Collected data:
= = =

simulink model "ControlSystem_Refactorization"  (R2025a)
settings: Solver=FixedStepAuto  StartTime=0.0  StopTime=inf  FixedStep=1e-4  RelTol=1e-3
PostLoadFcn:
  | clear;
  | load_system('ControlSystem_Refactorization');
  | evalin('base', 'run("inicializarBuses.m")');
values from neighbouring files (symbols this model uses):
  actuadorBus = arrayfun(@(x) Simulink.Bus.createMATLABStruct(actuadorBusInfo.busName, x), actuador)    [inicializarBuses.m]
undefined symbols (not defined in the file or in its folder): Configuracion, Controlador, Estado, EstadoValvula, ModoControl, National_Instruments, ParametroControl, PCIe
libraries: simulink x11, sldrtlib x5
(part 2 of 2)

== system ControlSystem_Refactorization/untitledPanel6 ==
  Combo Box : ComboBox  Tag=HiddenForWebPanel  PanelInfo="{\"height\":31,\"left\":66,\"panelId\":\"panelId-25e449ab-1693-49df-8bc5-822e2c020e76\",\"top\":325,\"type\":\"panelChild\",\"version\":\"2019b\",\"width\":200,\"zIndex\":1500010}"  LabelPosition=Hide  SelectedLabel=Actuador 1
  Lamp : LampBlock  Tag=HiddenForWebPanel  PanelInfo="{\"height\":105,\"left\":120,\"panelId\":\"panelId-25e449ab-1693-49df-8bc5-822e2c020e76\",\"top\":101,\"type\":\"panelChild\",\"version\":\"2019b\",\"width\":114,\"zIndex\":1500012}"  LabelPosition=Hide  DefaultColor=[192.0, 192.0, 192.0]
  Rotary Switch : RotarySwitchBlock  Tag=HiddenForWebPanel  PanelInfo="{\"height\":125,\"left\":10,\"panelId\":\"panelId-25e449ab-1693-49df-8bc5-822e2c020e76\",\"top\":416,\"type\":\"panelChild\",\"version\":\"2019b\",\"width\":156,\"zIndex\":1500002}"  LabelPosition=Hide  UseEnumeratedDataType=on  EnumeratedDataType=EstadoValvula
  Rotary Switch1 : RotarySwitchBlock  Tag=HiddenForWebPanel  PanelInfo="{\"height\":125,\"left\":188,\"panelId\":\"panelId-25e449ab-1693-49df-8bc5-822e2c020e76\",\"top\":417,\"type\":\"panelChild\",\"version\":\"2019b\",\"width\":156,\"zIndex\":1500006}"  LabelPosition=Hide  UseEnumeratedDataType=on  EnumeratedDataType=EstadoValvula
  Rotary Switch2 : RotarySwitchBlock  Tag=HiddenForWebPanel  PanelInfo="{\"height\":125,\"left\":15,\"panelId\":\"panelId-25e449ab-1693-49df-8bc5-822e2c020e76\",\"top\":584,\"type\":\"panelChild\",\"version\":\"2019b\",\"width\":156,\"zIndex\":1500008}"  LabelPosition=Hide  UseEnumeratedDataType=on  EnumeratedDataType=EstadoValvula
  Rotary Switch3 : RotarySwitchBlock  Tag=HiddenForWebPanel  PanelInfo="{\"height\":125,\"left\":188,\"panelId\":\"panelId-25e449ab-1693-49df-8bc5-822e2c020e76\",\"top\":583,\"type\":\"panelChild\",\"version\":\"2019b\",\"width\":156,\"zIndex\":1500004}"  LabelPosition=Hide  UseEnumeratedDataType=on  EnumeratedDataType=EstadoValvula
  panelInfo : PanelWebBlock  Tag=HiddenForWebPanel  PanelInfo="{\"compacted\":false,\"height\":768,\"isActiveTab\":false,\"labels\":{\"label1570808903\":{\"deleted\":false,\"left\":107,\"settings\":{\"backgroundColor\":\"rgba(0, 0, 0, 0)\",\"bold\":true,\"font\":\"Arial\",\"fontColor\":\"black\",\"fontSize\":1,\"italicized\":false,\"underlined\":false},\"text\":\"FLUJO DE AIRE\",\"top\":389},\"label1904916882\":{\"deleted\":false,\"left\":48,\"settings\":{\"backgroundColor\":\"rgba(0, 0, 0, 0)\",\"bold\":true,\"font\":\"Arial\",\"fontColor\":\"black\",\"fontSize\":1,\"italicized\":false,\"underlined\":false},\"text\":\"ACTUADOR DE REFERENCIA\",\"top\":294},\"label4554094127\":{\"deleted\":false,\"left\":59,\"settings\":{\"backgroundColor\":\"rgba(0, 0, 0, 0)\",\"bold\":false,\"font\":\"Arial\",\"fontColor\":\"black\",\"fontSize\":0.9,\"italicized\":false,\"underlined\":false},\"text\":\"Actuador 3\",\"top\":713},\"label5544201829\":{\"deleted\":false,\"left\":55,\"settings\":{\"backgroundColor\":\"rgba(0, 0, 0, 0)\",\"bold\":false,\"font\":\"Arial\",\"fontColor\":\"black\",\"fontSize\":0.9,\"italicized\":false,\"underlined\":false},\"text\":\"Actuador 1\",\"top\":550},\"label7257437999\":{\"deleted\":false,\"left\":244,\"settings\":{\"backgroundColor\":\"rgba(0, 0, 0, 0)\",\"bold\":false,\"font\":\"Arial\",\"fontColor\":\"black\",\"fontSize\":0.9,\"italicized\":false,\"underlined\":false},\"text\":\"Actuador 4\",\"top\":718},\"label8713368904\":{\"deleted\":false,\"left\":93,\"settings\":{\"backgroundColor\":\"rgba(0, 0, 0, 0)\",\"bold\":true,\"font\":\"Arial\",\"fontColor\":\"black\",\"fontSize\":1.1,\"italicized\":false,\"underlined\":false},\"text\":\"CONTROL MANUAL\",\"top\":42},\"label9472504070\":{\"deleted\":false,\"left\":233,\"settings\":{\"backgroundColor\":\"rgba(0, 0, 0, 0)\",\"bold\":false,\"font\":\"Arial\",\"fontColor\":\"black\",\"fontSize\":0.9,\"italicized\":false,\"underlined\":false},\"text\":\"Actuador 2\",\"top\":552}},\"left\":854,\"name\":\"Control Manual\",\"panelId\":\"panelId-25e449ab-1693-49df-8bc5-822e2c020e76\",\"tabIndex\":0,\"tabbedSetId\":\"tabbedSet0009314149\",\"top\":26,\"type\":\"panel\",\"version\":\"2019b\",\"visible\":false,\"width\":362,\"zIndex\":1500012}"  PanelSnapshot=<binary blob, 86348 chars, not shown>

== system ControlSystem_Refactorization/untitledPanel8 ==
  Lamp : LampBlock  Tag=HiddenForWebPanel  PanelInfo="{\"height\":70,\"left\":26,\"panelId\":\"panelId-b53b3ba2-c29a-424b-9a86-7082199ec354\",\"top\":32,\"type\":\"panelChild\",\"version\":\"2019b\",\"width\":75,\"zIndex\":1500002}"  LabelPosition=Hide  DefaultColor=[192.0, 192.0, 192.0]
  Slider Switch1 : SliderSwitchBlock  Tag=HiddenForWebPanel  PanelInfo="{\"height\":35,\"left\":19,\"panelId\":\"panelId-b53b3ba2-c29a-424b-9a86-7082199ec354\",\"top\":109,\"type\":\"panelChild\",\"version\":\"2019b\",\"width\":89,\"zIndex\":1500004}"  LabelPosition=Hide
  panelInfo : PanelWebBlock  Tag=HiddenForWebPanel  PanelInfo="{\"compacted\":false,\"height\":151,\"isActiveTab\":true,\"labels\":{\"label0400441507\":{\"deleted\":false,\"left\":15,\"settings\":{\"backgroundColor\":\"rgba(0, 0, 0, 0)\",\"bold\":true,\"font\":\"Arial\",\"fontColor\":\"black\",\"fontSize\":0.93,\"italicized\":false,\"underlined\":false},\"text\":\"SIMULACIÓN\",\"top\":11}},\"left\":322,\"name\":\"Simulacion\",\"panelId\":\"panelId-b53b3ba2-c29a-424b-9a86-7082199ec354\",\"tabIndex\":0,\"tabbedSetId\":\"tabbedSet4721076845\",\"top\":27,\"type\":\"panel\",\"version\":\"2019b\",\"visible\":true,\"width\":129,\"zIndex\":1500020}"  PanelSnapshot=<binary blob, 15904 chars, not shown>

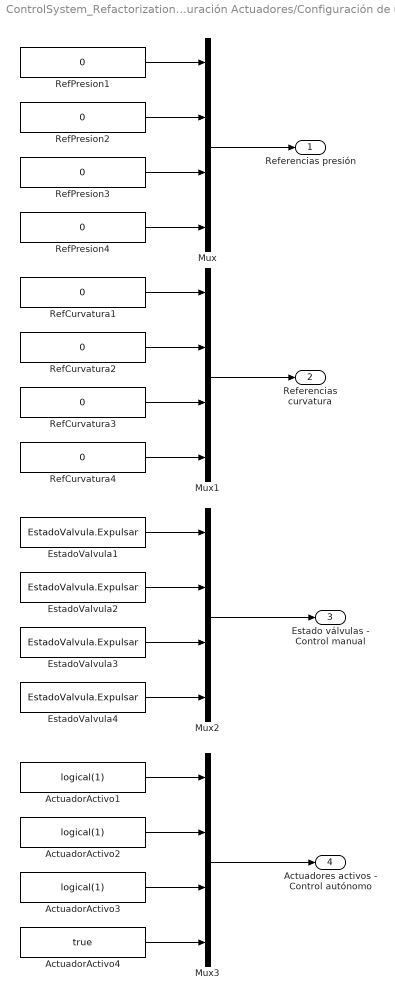
== system ControlSystem_Refactorization/Configuración Actuadores/Configuración de usuario ==
  ActuadorActivo1 : Constant  Value=logical(1)
  ActuadorActivo2 : Constant  Value=logical(1)
  ActuadorActivo3 : Constant  Value=logical(1)
  ActuadorActivo4 : Constant  Value=true
  EstadoValvula{1..4} (4 alike) : Constant  Value=EstadoValvula.Expulsar
  Mux{,1..3} (4 alike) : Mux
  RefCurvatura{1..4} (4 alike) : Constant  Value=0
  RefPresion{1..4} (4 alike) : Constant  Value=0
  Referencias presión : Outport
  Referencias curvatura : Outport  Port=2
  Estado válvulas - Control manual : Outport  Port=3
  Actuadores activos - Control autónomo : Outport  Port=4
  wires:
  RefPresion2/1 -> Mux/2
  RefPresion1/1 -> Mux/1
  RefPresion3/1 -> Mux/3
  RefPresion4/1 -> Mux/4
  RefCurvatura3/1 -> Mux1/3
  RefCurvatura2/1 -> Mux1/2
  RefCurvatura1/1 -> Mux1/1
  RefCurvatura4/1 -> Mux1/4
  EstadoValvula3/1 -> Mux2/3
  EstadoValvula2/1 -> Mux2/2
  EstadoValvula1/1 -> Mux2/1
  EstadoValvula4/1 -> Mux2/4
  Mux/1 -> Referencias presión/1
  Mux1/1 -> Referencias curvatura/1
  Mux2/1 -> Estado válvulas - Control manual/1
  ActuadorActivo4/1 -> Mux3/4
  ActuadorActivo3/1 -> Mux3/3
  ActuadorActivo1/1 -> Mux3/1
  ActuadorActivo2/1 -> Mux3/2
  Mux3/1 -> Actuadores activos - Control autónomo/1

== system ControlSystem_Refactorization/Configuración Actuadores/For Each Subsystem ==
  Bus : Inport  Partition=on  PartitionDimension=1  PartitionWidth=1  PartitionOffset=0
  Referencias de presión : Inport  Port=2  Partition=on  PartitionDimension=1  PartitionWidth=1  PartitionOffset=0
  Referencias de curvatura : Inport  Port=3  Partition=on  PartitionDimension=1  PartitionWidth=1  PartitionOffset=0
  Estado válvulas - Control manual : Inport  Port=4  Partition=on  PartitionDimension=1  PartitionWidth=1  PartitionOffset=0
  Actuadores activos - Control autónomo : Inport  Port=5  Partition=on  PartitionDimension=1  PartitionWidth=1  PartitionOffset=0
  Bus Assignment3 : BusAssignment  AssignedSignals=Configuracion.Global.activo,Configuracion.ControlManual.estadoValvula,Configuracion.Global.Referencia.presion,Configuracion.Global.Referencia.curvatura
  For Each : ForEach  DisableCoverage=on
  Out1 : Outport  ConcatenationDimension=1
  wires:
  Bus Assignment3/1 -> Out1/1
  Bus/1 -> Bus Assignment3/1
  Referencias de curvatura/1 -> Bus Assignment3/5
  Referencias de presión/1 -> Bus Assignment3/4
  Estado válvulas - Control manual/1 -> Bus Assignment3/3
  Actuadores activos - Control autónomo/1 -> Bus Assignment3/2

== system ControlSystem_Refactorization/Configuración Sistema/Configuración de usuario ==
  Constant : Constant  Value=ModoControl(1)
  Constant1 : Constant  Value=ParametroControl(0)
  Constant2 : Constant
  Constant4 : Constant
  Constant5 : Constant  Value=0.01
  Constant6 : Constant  Value=0.01
  Constant7 : Constant  Value=0.001
  Constant8 : Constant  Value=0.001
  Constant9 : Constant  Value=0.01
  Modo de control : Outport
  Parámetro de control : Outport  Port=2
  Simulación activa : Outport  Port=3
  Actuador seleccionado : Outport  Port=4
  Tolerancia Presión Estacionaria : Outport  Port=5
  Tolerancia Presión Derivativa : Outport  Port=6
  Tolerancia Curvatura Estacionaria : Outport  Port=7
  Tolerancia Curvatura Derivativa : Outport  Port=8
  Tolerancia Equilibrio Presiones : Outport  Port=9
  wires:
  Constant/1 -> Modo de control/1
  Constant1/1 -> Parámetro de control/1
  Constant2/1 -> Simulación activa/1
  Constant4/1 -> Actuador seleccionado/1
  Constant5/1 -> Tolerancia Presión Estacionaria/1
  Constant6/1 -> Tolerancia Presión Derivativa/1
  Constant7/1 -> Tolerancia Curvatura Estacionaria/1
  Constant8/1 -> Tolerancia Curvatura Derivativa/1
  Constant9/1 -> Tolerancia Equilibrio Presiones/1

= = =

From the records above, retype only the lines starting at the line that contains "For Each : ForEach" and ending at the line that contains "Constant5 : Constant", both included.

  For Each : ForEach  DisableCoverage=on
  Out1 : Outport  ConcatenationDimension=1
  wires:
  Bus Assignment3/1 -> Out1/1
  Bus/1 -> Bus Assignment3/1
  Referencias de curvatura/1 -> Bus Assignment3/5
  Referencias de presión/1 -> Bus Assignment3/4
  Estado válvulas - Control manual/1 -> Bus Assignment3/3
  Actuadores activos - Control autónomo/1 -> Bus Assignment3/2

== system ControlSystem_Refactorization/Configuración Sistema/Configuración de usuario ==
  Constant : Constant  Value=ModoControl(1)
  Constant1 : Constant  Value=ParametroControl(0)
  Constant2 : Constant
  Constant4 : Constant
  Constant5 : Constant  Value=0.01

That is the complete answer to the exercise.